EXERCISE DESCRIPTION:
Filter the data below for the string "Circuit" and copy each matching line.
[MATERIAL PROVIDED]
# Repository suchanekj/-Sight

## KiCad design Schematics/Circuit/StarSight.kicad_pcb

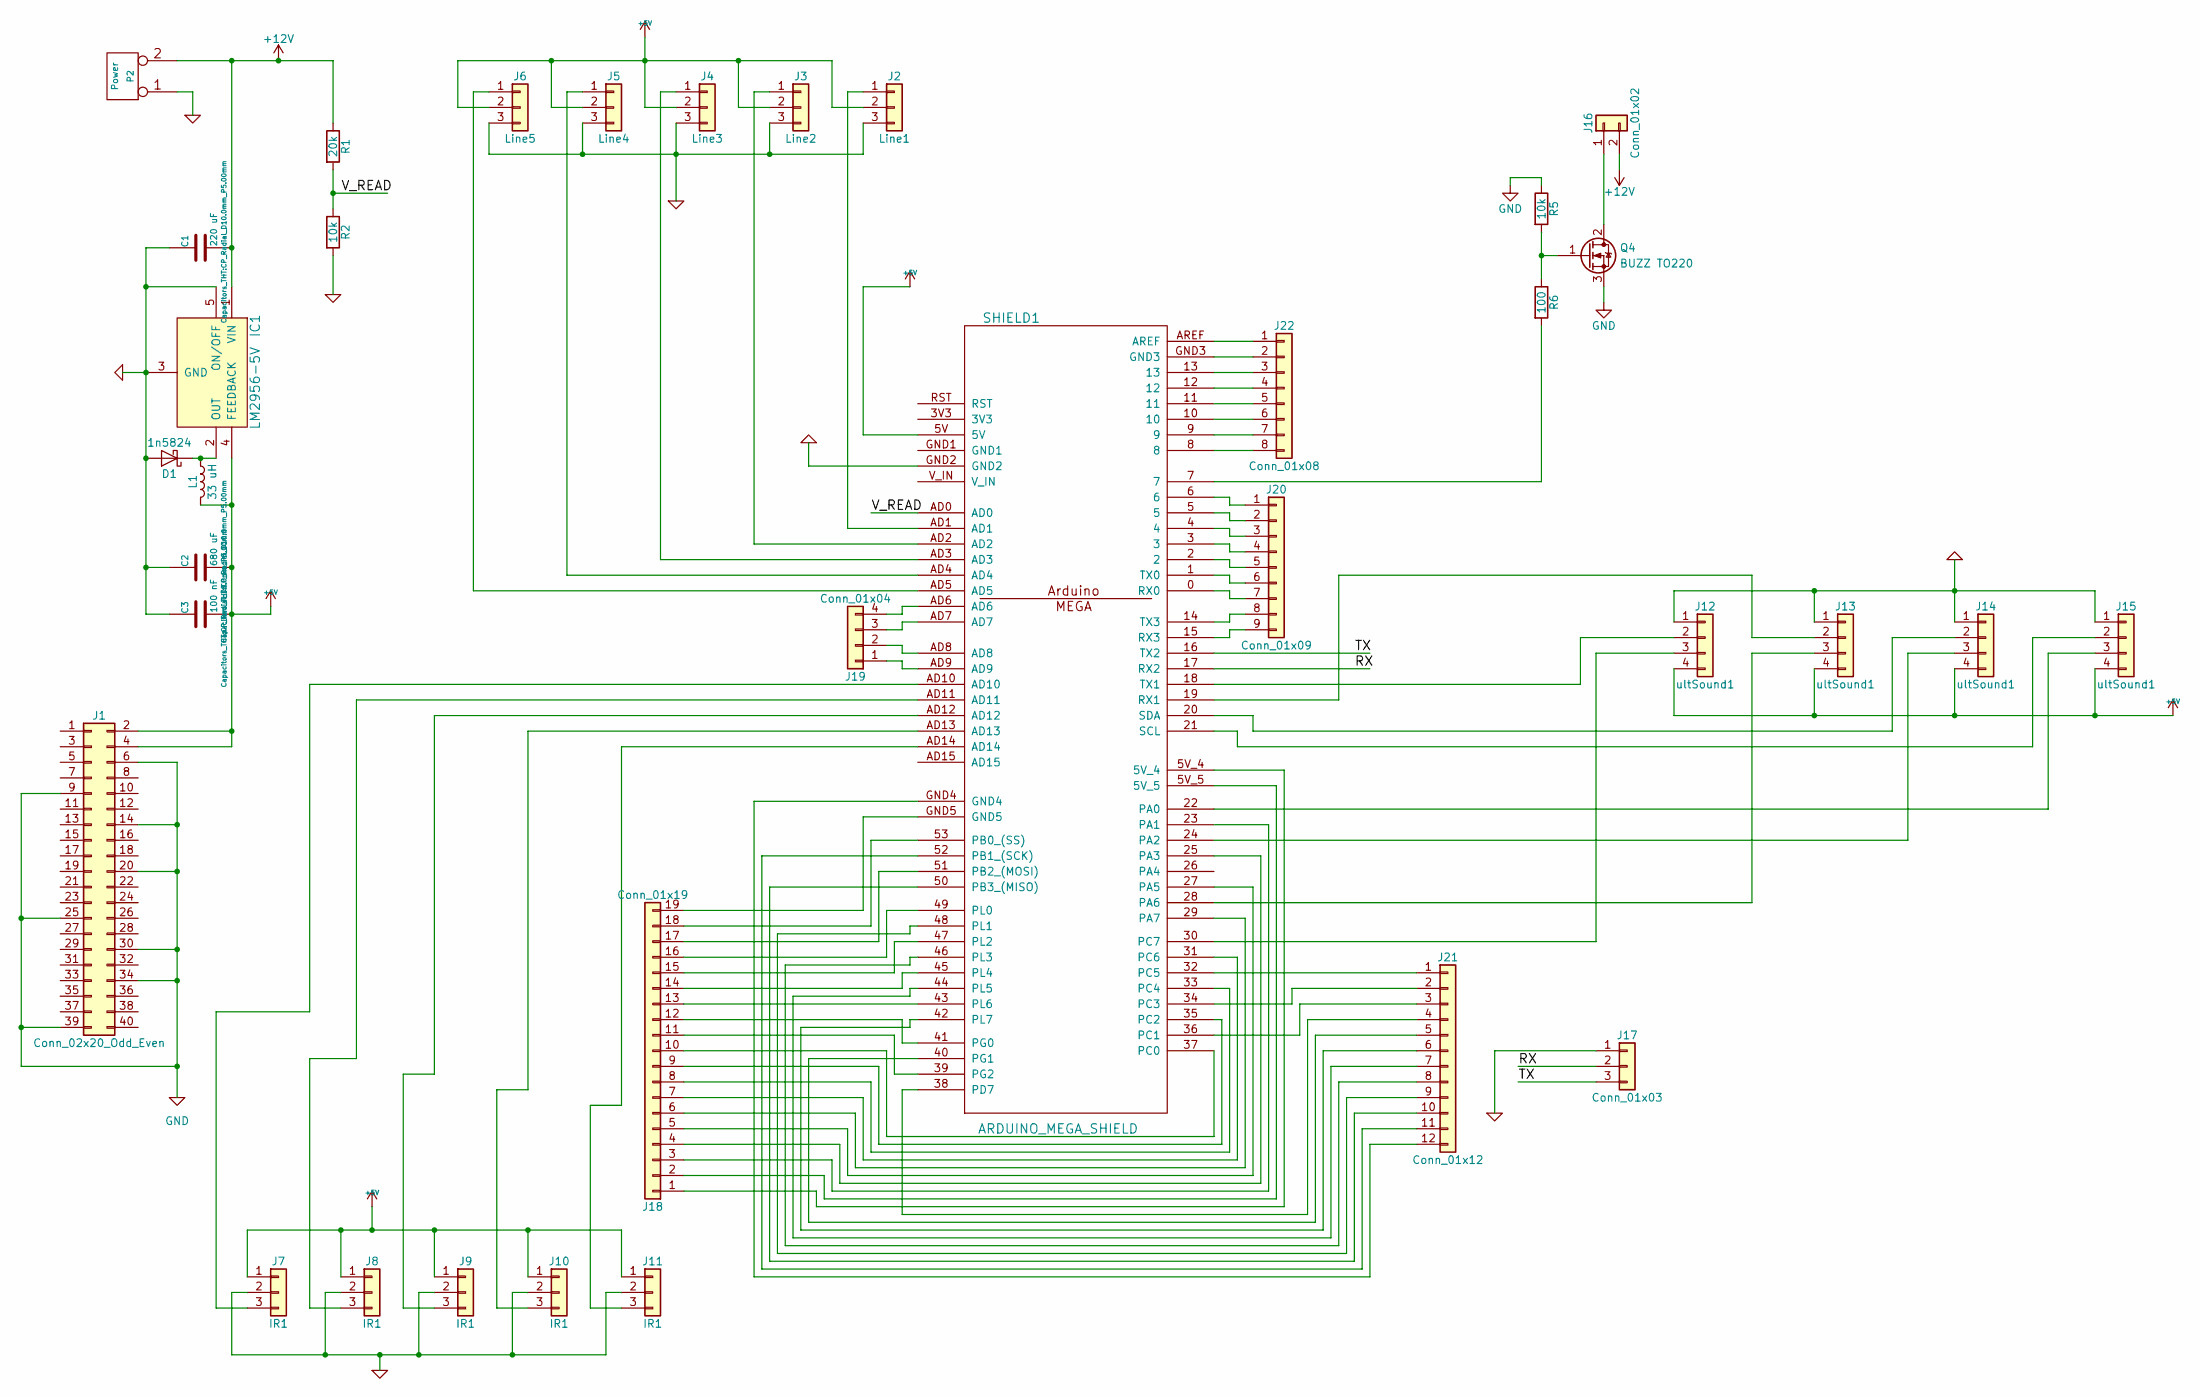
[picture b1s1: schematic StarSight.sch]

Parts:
C1: 220 uF; CP_Radial_D10.0mm_P5.00mm
C2: 680 uF; CP_Radial_D10.0mm_P5.00mm
C3: 100 nF; CP_Radial_D8.0mm_P5.00mm
D1: 1n5824; D_DO-201_P15.24mm_Horizontal
IC1: LM2956-5V; TO170P470X1016X2092-5P
J1: Conn_02x20_Odd_Even; Pin_Header_Straight_2x20_Pitch2.54mm
J2: Line1; Pin_Header_Straight_1x03_Pitch2.54mm
J3: Line2; Pin_Header_Straight_1x03_Pitch2.54mm
J4: Line3; Pin_Header_Straight_1x03_Pitch2.54mm
J5: Line4; Pin_Header_Straight_1x03_Pitch2.54mm
J6: Line5; Pin_Header_Straight_1x03_Pitch2.54mm
J7, J8, J9, J10, J11: IR1; Pin_Header_Straight_1x03_Pitch2.54mm
J12, J13, J14, J15: ultSound1; Pin_Header_Straight_1x04_Pitch2.54mm
J16: Conn_01x02; TerminalBlock_Philmore_TB132_02x5mm_Straight
J17: Conn_01x03; Pin_Header_Straight_1x03_Pitch2.54mm
J18: Conn_01x19; Pin_Header_Straight_1x19_Pitch2.54mm
J19: Conn_01x04; Pin_Header_Straight_1x04_Pitch2.54mm
J20: Conn_01x09; Pin_Header_Straight_1x09_Pitch2.54mm
J21: Conn_01x12; Pin_Header_Straight_1x12_Pitch2.54mm
J22: Conn_01x08; Pin_Header_Straight_1x08_Pitch2.54mm
L1: 33 uH; L_Toroid_Vertical_L16.0mm_W8.0mm_P7.62mm
P2: Power; TerminalBlock_Philmore_TB132_02x5mm_Straight
Q4: BUZZ TO220; Pin_Header_Straight_1x03_Pitch2.54mm
R1: 20k; R_Axial_DIN0309_L9.0mm_D3.2mm_P12.70mm_Horizontal
R2, R5: 10k; R_Axial_DIN0309_L9.0mm_D3.2mm_P12.70mm_Horizontal
R6: 100; R_Axial_DIN0309_L9.0mm_D3.2mm_P12.70mm_Horizontal
SHIELD1: ARDUINO_MEGA_SHIELD

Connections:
+5V: C2.2, C3.2, IC1.4 (FEEDBACK), J1.2, J1.4, J2.2, J3.2, J4.2, J5.2, J6.2, J7.1, J8.1, J9.1, J10.1, J11.1, J12.4, J13.4, J14.4, J15.4, L1.2, SHIELD1.5V
+12V: C1.2, IC1.1 (VIN), J16.2, P2.2 (PM), R1.1; also elsewhere on the board
/RX: J17.2, SHIELD1.17 (RX2)
/TX: J17.3, SHIELD1.16 (TX2)
/V_READ: R1.2, R2.1, SHIELD1.AD0
GND: C1.1, C2.1, C3.1, D1.2 (A), IC1.3 (GND), IC1.5 (ON/OFF), J1.6, J1.9, J1.14, J1.20, J1.25, J1.30, J1.34, J1.39, J2.3, J3.3, J4.3, J5.3, J6.3, J7.2, J8.2, J9.2, J10.2, J11.2, J12.1, J13.1, J14.1, J15.1, J17.1, P2.1, Q4.3 (S), R2.2, R5.1, SHIELD1.GND2
unnamed: D1.1 (K), IC1.2 (OUT), L1.1
unnamed 7: J16.1, Q4.2 (D); also elsewhere on the board
unnamed 8: J1.1; also elsewhere on the board
unnamed 9: J1.3; also elsewhere on the board
unnamed 10: J1.5; also elsewhere on the board
unnamed 11: J1.7; also elsewhere on the board
unnamed 12: J1.8; also elsewhere on the board
unnamed 13: J1.10; also elsewhere on the board
unnamed 14: J1.11; also elsewhere on the board
unnamed 15: J1.12; also elsewhere on the board
unnamed 16: J1.13; also elsewhere on the board
unnamed 17: J1.15; also elsewhere on the board
unnamed 18: J1.16; also elsewhere on the board
unnamed 19: J1.17; also elsewhere on the board
unnamed 20: J1.18; also elsewhere on the board
unnamed 21: J1.19; also elsewhere on the board
unnamed 22: J1.21; also elsewhere on the board
unnamed 23: J1.22; also elsewhere on the board
unnamed 24: J1.23; also elsewhere on the board
unnamed 25: J1.24; also elsewhere on the board
unnamed 26: J1.26; also elsewhere on the board
unnamed 27: J1.27; also elsewhere on the board
unnamed 28: J1.28; also elsewhere on the board
unnamed 29: J1.29; also elsewhere on the board
unnamed 30: J1.31; also elsewhere on the board
unnamed 31: J1.32; also elsewhere on the board
unnamed 32: J1.33; also elsewhere on the board
unnamed 33: J1.35; also elsewhere on the board
unnamed 34: J1.36; also elsewhere on the board
unnamed 35: J1.37; also elsewhere on the board
unnamed 36: J1.38; also elsewhere on the board
unnamed 37: J1.40; also elsewhere on the board
unnamed: J2.1, SHIELD1.AD1
unnamed: J3.1, SHIELD1.AD2
unnamed: J4.1, SHIELD1.AD3
unnamed: J5.1, SHIELD1.AD4
unnamed: J6.1, SHIELD1.AD5
unnamed: J7.3, SHIELD1.AD10
unnamed: J8.3, SHIELD1.AD11
unnamed: J9.3, SHIELD1.AD12
unnamed: J10.3, SHIELD1.AD13
unnamed: J11.3, SHIELD1.AD14
unnamed: J12.2, SHIELD1.18 (TX1)
unnamed: J12.3, SHIELD1.30 (PC7)
unnamed: J13.2, SHIELD1.19 (RX1)
unnamed: J13.3, SHIELD1.28 (PA6)
unnamed: J14.2, SHIELD1.20 (SDA)
unnamed: J14.3, SHIELD1.24 (PA2)
unnamed: J15.2, SHIELD1.21 (SCL)
unnamed: J15.3, SHIELD1.22 (PA0)
unnamed: J18.1, SHIELD1.5V_4
unnamed: J18.2, SHIELD1.5V_5
unnamed: J18.3, SHIELD1.23 (PA1)
unnamed: J18.4, SHIELD1.25 (PA3)
unnamed: J18.5, SHIELD1.27 (PA5)
unnamed: J18.6, SHIELD1.29 (PA7)
unnamed: J18.7, SHIELD1.31 (PC6)
unnamed: J18.8, SHIELD1.33 (PC4)
unnamed: J18.9, SHIELD1.35 (PC2)
unnamed: J18.10, SHIELD1.37 (PC0)
unnamed: J18.11, SHIELD1.39 (PG2)
unnamed: J18.12, SHIELD1.41 (PG0)
unnamed: J18.13, SHIELD1.43 (PL6)
unnamed: J18.14, SHIELD1.45 (PL4)
unnamed: J18.15, SHIELD1.47 (PL2)
unnamed: J18.16, SHIELD1.49 (PL0)
unnamed: J18.17, SHIELD1.51 (PB2_(MOSI))
unnamed: J18.18, SHIELD1.53 (PB0_(SS))
unnamed: J18.19, SHIELD1.GND5
unnamed: J19.1, SHIELD1.AD9
unnamed: J19.2, SHIELD1.AD8
unnamed: J19.3, SHIELD1.AD7
unnamed: J19.4, SHIELD1.AD6
unnamed: J20.1, SHIELD1.6
unnamed: J20.2, SHIELD1.5
unnamed: J20.3, SHIELD1.4
unnamed: J20.4, SHIELD1.3
unnamed: J20.5, SHIELD1.2
unnamed: J20.6, SHIELD1.1 (TX0)
unnamed: J20.7, SHIELD1.0 (RX0)
unnamed: J20.8, SHIELD1.14 (TX3)
unnamed: J20.9, SHIELD1.15 (RX3)
unnamed: J21.1, SHIELD1.32 (PC5)
unnamed: J21.2, SHIELD1.34 (PC3)
unnamed: J21.3, SHIELD1.36 (PC1)
unnamed: J21.4, SHIELD1.38 (PD7)
unnamed: J21.5, SHIELD1.40 (PG1)
unnamed: J21.6, SHIELD1.42 (PL7)
unnamed: J21.7, SHIELD1.44 (PL5)
unnamed: J21.8, SHIELD1.46 (PL3)
unnamed: J21.9, SHIELD1.48 (PL1)
unnamed: J21.10, SHIELD1.50 (PB3_(MISO))
unnamed: J21.11, SHIELD1.52 (PB1_(SCK))
unnamed: J21.12, SHIELD1.GND4
unnamed: J22.1, SHIELD1.AREF
unnamed: J22.2, SHIELD1.GND3
unnamed: J22.3, SHIELD1.13
unnamed: J22.4, SHIELD1.12
unnamed: J22.5, SHIELD1.11
unnamed: J22.6, SHIELD1.10
unnamed: J22.7, SHIELD1.9
unnamed: J22.8, SHIELD1.8
unnamed: Q4.1 (G), R5.2, R6.1
unnamed: R6.2, SHIELD1.7

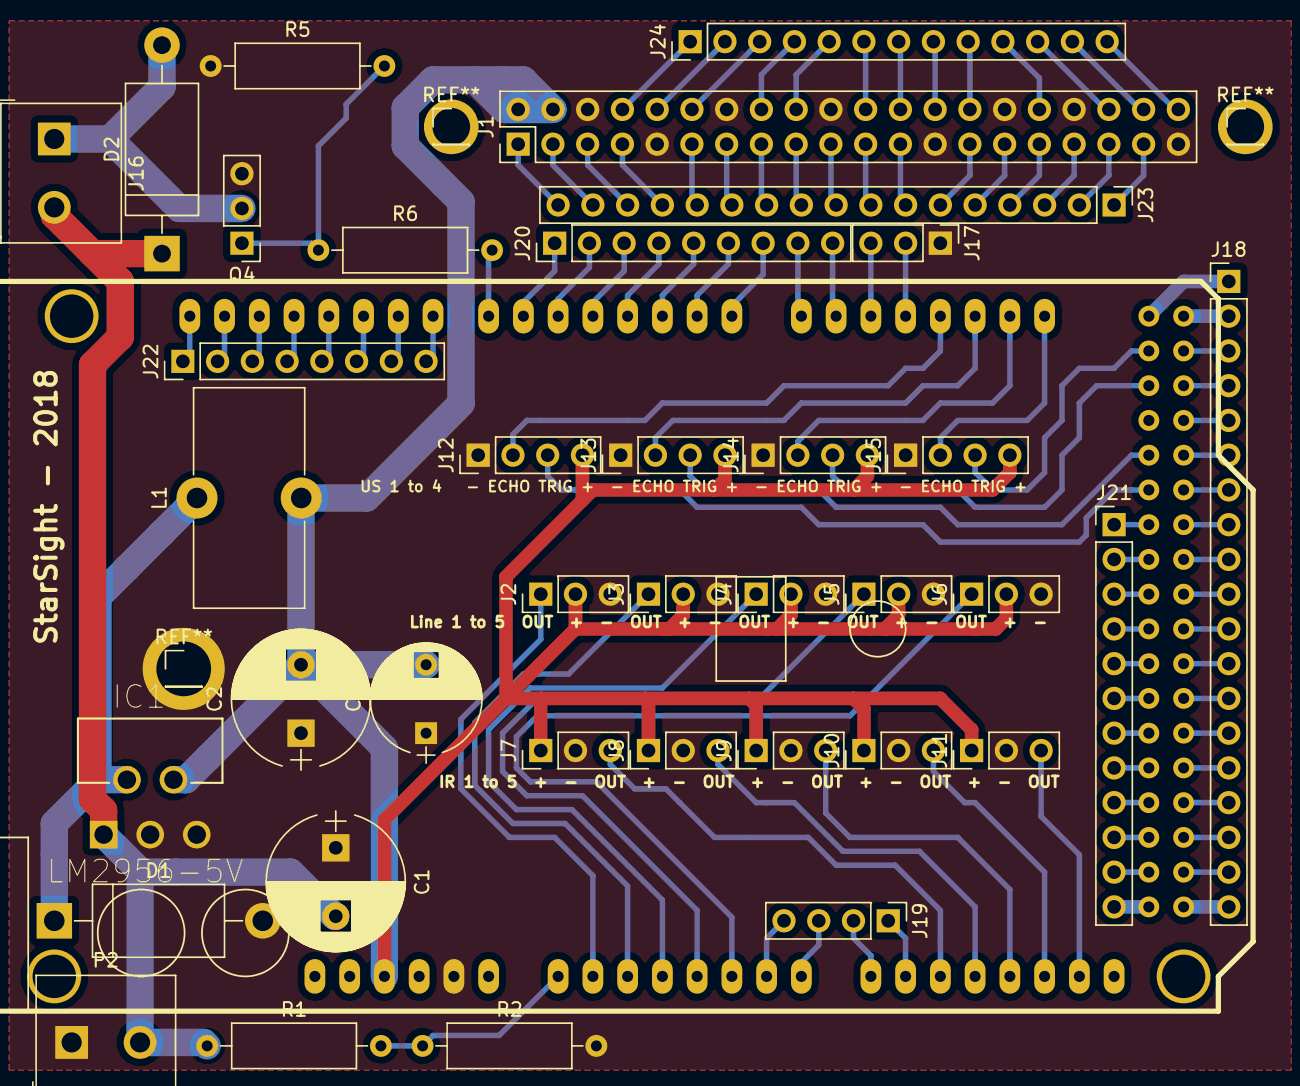
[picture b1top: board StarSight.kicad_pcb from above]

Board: 2 copper layers, 38 parts (0 on the bottom side), 110 nets.

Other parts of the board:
D2: D; D_DO-201_P15.24mm_Horizontal
J23: Conn_01x17; Pin_Header_Straight_1x17_Pitch2.54mm
J24: Conn_01x13; Pin_Header_Straight_1x13_Pitch2.54mm

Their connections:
+12V: D2.1; also elsewhere on the board
unnamed 7: D2.2; also elsewhere on the board
unnamed 8: J23.17; also elsewhere on the board
unnamed 9: J23.16; also elsewhere on the board
unnamed 10: J23.15; also elsewhere on the board
unnamed 11: J23.14; also elsewhere on the board
unnamed 12: J24.1; also elsewhere on the board
unnamed 13: J24.2; also elsewhere on the board
unnamed 14: J23.13; also elsewhere on the board
unnamed 15: J24.3; also elsewhere on the board
unnamed 16: J23.12; also elsewhere on the board
unnamed 17: J23.11; also elsewhere on the board
unnamed 18: J24.4; also elsewhere on the board
unnamed 19: J23.10; also elsewhere on the board
unnamed 20: J24.5; also elsewhere on the board
unnamed 21: J23.9; also elsewhere on the board
unnamed 22: J23.8; also elsewhere on the board
unnamed 23: J24.6; also elsewhere on the board
unnamed 24: J23.7; also elsewhere on the board
unnamed 25: J24.7; also elsewhere on the board
unnamed 26: J24.8; also elsewhere on the board
unnamed 27: J23.6; also elsewhere on the board
unnamed 28: J24.9; also elsewhere on the board
unnamed 29: J23.5; also elsewhere on the board
unnamed 30: J23.4; also elsewhere on the board
unnamed 31: J24.10; also elsewhere on the board
unnamed 32: J23.3; also elsewhere on the board
unnamed 33: J23.2; also elsewhere on the board
unnamed 34: J24.11; also elsewhere on the board
unnamed 35: J23.1; also elsewhere on the board
unnamed 36: J24.12; also elsewhere on the board
unnamed 37: J24.13; also elsewhere on the board

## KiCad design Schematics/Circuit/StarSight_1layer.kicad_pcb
[/MATERIAL PROVIDED]
WRITTEN RESPONSE:
## KiCad design Schematics/Circuit/StarSight.kicad_pcb
## KiCad design Schematics/Circuit/StarSight_1layer.kicad_pcb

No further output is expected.